The UK’s Big Box logistics market has carried its 2025 momentum into the new year. Q1’26 saw 7.5 million sq ft transacted across 31 deals, running 19% ahead of the pre-Covid quarterly average (2007–19) and representing the strongest start to a year since 2022.

Logistics operators were the most active occupier group in Q1, accounting for 15 of the 31 transactions and reflecting continued investment in distribution networks. The standout deal saw Farmfoods commit to 803,000 sq ft at Logicor Park Daventry on a 25-year lease, whilst DHL took an assignment of 515,000 sq ft at Derby Commercial Park and Maersk secured 411,000 sq ft in Doncaster. Parcel and last-mile operators also featured prominently, with DPD pre-letting 386,000 sq ft at i54 in Wolverhampton and Evri taking 265,000 sq ft at Arrow, Barnsley.

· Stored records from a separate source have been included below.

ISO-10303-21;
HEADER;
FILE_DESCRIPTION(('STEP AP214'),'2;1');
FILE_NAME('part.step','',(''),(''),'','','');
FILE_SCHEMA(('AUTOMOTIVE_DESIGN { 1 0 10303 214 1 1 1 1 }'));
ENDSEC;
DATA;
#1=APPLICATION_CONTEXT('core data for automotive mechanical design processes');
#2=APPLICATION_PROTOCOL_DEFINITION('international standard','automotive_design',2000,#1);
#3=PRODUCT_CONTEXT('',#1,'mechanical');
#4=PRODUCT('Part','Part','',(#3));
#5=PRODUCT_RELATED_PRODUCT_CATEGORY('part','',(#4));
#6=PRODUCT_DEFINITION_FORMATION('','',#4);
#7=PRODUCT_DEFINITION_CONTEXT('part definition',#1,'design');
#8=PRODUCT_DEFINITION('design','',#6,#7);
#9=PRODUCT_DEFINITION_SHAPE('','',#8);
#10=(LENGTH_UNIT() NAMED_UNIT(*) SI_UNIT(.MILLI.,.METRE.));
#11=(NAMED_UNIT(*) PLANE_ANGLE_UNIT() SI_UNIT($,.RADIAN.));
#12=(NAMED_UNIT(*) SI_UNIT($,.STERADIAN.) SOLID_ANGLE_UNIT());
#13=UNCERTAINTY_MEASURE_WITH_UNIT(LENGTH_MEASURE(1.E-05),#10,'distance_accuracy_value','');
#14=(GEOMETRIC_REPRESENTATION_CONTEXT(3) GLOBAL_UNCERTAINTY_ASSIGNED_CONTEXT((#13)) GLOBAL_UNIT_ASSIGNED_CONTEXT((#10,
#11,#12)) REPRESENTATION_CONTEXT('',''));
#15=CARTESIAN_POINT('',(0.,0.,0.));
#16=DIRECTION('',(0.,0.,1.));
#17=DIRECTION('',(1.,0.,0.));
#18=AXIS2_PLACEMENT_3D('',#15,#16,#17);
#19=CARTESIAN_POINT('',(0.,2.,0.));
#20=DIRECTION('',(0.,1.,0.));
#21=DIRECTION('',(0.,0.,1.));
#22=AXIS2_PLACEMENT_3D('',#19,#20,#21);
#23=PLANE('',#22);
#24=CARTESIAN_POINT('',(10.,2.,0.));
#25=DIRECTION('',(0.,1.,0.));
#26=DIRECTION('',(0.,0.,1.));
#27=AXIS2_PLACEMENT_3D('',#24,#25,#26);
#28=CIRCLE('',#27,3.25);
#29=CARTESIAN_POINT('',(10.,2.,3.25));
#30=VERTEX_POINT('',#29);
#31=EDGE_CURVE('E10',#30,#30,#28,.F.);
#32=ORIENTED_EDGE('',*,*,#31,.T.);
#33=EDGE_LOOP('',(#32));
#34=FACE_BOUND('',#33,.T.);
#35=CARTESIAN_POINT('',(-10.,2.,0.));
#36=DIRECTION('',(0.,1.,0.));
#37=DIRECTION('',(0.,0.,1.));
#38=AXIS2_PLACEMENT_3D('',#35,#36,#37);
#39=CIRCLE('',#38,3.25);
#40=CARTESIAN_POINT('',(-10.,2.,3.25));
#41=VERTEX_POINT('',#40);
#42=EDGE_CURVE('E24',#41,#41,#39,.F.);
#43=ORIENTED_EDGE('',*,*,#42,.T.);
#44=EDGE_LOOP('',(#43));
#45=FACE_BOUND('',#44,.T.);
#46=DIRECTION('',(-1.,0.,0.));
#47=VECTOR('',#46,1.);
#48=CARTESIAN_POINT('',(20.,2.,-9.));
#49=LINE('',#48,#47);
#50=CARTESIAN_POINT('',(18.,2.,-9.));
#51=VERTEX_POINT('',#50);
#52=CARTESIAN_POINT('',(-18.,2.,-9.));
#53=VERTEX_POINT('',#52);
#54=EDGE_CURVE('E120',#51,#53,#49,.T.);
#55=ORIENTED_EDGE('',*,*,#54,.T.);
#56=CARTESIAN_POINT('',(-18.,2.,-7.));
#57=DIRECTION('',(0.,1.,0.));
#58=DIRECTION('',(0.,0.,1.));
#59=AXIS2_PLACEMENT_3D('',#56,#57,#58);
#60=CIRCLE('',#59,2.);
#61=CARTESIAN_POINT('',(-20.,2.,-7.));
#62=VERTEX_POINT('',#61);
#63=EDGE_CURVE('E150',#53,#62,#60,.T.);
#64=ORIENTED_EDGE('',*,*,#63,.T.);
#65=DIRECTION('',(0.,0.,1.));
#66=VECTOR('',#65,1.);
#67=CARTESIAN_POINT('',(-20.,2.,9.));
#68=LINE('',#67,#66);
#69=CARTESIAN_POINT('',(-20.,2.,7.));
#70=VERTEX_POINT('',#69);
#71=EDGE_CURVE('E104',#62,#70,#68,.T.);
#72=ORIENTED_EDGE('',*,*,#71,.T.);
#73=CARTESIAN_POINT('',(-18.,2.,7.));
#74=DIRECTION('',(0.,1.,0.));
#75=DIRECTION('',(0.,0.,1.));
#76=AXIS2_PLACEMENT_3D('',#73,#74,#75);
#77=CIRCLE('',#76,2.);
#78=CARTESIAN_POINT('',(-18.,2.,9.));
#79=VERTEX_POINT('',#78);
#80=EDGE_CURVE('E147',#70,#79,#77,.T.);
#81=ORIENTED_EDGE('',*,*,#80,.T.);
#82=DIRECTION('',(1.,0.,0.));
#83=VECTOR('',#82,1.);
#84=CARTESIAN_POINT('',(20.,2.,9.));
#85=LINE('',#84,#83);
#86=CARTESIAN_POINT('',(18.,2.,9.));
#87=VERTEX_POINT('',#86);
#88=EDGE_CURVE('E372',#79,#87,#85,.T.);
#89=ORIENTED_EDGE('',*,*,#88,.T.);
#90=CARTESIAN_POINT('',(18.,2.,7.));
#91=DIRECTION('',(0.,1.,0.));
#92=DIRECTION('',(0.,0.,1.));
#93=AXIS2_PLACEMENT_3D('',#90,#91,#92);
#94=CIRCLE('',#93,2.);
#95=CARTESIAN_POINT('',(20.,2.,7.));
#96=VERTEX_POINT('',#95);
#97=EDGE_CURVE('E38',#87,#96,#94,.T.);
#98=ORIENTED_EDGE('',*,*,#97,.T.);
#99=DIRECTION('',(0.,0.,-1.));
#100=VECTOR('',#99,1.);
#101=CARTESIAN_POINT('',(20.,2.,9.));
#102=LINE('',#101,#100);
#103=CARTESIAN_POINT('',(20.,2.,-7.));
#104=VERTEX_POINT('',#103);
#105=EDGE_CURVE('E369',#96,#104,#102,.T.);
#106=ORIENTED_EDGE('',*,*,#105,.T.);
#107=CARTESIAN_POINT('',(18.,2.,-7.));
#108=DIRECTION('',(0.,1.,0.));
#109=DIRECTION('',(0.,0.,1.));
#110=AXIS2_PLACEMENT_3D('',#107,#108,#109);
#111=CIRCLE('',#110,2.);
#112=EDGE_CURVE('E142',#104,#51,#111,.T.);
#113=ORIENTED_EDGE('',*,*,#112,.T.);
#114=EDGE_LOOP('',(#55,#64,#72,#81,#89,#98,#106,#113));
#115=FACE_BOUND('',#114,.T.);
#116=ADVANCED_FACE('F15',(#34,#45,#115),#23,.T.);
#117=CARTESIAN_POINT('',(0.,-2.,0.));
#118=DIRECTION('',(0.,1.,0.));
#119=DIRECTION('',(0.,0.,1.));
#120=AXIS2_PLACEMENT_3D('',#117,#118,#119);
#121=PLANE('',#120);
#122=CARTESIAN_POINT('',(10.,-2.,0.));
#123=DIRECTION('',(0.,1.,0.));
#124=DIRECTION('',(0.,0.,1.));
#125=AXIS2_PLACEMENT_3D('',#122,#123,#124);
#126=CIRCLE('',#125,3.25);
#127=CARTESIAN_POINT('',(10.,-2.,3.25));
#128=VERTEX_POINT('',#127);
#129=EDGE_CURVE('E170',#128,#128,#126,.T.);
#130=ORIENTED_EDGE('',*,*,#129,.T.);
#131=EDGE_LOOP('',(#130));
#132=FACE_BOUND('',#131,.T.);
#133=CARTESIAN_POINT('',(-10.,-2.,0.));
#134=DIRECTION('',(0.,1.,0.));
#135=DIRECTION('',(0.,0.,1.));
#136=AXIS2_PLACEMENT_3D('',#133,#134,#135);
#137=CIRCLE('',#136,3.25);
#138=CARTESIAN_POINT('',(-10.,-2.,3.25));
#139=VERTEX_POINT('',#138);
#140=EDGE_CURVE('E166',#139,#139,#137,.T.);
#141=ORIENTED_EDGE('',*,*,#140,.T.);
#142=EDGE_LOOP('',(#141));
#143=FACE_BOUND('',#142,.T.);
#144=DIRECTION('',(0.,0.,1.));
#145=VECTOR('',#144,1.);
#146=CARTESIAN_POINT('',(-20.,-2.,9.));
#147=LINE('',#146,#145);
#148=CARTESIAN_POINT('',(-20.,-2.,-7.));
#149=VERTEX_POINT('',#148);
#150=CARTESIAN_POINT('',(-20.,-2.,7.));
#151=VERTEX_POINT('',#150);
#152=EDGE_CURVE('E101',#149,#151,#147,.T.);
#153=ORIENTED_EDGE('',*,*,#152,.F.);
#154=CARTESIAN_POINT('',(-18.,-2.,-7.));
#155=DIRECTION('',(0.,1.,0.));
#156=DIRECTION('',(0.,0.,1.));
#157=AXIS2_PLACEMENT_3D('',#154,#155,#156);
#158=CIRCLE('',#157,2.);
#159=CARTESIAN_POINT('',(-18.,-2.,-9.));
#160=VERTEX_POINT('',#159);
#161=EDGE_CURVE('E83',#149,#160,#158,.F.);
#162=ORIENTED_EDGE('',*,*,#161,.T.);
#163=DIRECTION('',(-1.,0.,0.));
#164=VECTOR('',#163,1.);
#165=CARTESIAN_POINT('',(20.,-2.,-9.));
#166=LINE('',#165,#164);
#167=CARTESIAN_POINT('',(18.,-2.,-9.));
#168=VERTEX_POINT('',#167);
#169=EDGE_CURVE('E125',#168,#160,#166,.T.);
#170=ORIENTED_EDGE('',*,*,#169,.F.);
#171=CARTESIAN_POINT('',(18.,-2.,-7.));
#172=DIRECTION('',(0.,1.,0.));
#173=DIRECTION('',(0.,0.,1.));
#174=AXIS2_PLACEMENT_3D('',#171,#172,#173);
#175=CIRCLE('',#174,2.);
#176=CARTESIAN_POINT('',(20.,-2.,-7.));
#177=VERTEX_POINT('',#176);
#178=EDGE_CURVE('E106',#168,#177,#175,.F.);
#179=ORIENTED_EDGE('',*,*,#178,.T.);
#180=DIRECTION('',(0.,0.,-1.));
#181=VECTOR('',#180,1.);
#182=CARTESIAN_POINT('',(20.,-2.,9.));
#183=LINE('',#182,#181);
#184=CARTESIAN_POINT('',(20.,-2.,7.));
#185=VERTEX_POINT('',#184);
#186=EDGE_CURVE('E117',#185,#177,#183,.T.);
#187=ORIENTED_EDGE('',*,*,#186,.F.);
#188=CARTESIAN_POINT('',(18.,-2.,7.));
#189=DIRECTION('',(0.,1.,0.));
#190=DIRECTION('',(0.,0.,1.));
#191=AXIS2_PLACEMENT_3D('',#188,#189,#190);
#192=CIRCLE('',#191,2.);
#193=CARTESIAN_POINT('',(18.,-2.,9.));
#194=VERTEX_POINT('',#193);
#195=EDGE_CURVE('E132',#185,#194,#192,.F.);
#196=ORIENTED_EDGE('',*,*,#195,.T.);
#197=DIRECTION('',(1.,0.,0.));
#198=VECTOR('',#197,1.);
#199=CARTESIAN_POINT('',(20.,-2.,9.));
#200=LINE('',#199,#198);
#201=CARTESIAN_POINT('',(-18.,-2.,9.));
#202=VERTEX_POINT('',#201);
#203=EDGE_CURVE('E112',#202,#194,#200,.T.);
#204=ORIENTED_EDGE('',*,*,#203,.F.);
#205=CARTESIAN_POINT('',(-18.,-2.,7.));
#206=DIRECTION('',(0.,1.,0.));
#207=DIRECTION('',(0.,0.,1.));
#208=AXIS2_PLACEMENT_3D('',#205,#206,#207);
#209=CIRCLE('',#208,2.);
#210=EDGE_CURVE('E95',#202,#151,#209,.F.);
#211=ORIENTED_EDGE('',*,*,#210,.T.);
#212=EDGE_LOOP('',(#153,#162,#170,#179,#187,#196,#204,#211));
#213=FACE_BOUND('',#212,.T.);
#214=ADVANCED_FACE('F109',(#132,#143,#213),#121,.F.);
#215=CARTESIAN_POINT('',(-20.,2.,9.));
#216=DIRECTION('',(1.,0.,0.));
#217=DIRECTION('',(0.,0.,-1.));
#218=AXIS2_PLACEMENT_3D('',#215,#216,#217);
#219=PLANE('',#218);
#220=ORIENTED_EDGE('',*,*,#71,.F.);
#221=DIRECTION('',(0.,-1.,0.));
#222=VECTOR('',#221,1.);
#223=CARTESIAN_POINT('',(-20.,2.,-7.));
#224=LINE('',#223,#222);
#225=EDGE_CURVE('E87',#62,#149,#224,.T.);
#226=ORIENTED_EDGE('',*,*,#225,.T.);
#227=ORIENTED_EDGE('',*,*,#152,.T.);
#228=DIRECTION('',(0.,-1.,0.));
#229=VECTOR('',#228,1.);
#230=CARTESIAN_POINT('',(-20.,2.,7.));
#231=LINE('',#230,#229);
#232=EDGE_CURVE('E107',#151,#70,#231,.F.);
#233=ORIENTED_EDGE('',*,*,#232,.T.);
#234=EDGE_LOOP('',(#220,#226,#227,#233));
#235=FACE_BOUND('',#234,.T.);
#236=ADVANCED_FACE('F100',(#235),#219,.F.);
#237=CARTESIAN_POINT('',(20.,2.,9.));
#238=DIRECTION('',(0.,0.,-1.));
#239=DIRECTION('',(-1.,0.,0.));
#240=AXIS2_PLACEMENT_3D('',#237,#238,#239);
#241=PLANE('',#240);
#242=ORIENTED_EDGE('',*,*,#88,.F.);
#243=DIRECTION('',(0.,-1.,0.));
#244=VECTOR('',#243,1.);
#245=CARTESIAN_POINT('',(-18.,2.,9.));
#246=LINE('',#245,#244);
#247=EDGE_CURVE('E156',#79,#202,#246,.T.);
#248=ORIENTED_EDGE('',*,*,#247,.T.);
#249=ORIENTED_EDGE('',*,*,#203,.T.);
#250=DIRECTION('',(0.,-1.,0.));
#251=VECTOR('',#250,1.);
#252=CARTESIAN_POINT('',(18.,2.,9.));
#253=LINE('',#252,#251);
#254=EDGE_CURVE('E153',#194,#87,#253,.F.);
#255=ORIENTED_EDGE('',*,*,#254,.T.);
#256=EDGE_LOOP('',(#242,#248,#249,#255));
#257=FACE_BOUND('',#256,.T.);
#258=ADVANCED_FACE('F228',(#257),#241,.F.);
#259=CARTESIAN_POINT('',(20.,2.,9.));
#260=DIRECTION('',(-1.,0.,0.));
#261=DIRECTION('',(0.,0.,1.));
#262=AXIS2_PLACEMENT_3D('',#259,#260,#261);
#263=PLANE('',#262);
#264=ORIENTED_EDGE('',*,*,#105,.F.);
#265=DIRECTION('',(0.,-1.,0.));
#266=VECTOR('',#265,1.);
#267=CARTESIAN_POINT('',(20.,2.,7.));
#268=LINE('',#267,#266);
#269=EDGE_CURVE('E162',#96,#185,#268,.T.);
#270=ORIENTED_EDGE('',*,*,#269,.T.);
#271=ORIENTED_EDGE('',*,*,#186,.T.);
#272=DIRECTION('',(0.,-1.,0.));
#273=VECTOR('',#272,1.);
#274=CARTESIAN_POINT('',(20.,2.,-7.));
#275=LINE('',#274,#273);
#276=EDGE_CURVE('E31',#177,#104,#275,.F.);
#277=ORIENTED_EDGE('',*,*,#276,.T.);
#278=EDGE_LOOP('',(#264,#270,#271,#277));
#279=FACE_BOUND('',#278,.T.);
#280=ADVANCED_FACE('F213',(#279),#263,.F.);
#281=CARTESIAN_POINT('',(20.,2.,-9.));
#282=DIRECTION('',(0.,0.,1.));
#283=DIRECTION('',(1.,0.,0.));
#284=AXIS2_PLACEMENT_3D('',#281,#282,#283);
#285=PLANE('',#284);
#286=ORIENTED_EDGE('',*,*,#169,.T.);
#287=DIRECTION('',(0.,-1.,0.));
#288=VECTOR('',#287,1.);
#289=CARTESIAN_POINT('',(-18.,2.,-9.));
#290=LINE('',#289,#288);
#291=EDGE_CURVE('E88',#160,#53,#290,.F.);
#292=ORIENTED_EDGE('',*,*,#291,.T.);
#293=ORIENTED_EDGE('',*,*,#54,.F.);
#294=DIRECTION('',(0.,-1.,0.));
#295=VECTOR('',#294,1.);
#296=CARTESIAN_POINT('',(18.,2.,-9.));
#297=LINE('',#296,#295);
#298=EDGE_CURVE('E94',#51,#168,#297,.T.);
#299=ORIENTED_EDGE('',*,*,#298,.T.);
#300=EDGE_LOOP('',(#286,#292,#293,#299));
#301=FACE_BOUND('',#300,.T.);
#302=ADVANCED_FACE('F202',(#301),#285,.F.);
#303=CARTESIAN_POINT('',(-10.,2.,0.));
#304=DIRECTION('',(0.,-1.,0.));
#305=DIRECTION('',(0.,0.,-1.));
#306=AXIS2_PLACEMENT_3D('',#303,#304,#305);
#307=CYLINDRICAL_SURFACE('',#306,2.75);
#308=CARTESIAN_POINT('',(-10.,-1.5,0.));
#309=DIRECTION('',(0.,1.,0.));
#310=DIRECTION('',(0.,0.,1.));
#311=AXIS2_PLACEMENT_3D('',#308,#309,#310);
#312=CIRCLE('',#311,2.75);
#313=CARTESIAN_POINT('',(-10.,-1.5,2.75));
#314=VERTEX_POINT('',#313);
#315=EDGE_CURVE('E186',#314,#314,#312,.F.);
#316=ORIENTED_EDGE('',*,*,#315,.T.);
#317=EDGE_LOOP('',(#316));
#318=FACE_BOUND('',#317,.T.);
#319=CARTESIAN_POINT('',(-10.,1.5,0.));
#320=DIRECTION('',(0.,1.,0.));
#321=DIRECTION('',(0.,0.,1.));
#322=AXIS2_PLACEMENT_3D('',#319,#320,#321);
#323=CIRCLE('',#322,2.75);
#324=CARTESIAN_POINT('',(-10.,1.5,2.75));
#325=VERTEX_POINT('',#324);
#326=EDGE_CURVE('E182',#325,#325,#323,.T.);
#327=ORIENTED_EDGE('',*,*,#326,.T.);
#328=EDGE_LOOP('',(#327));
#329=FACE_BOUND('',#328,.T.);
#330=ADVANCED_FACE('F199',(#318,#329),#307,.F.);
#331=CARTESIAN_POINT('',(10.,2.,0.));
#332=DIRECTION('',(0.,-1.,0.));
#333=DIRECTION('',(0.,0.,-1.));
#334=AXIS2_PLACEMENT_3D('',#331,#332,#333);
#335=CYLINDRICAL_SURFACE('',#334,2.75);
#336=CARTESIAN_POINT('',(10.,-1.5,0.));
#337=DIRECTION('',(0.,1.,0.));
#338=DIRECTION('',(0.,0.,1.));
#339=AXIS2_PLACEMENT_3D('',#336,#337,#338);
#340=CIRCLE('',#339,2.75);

Retailers were the second most active sector (seven deals), led by Morrisons’ 235,000 sq ft lease at Snodland in Kent and EDA Cloud’s 324,000 sq ft letting at Citadel, Bilston. The continued presence of Chinese e-commerce platforms was also notable, with a 450,000 sq ft freehold D&B acquisition at Dove Valley Park in Derby. Manufacturing activity, whilst more muted than 2025’s record year, included Onboard Corrugated’s 297,000 sq ft letting at Vola Bilston.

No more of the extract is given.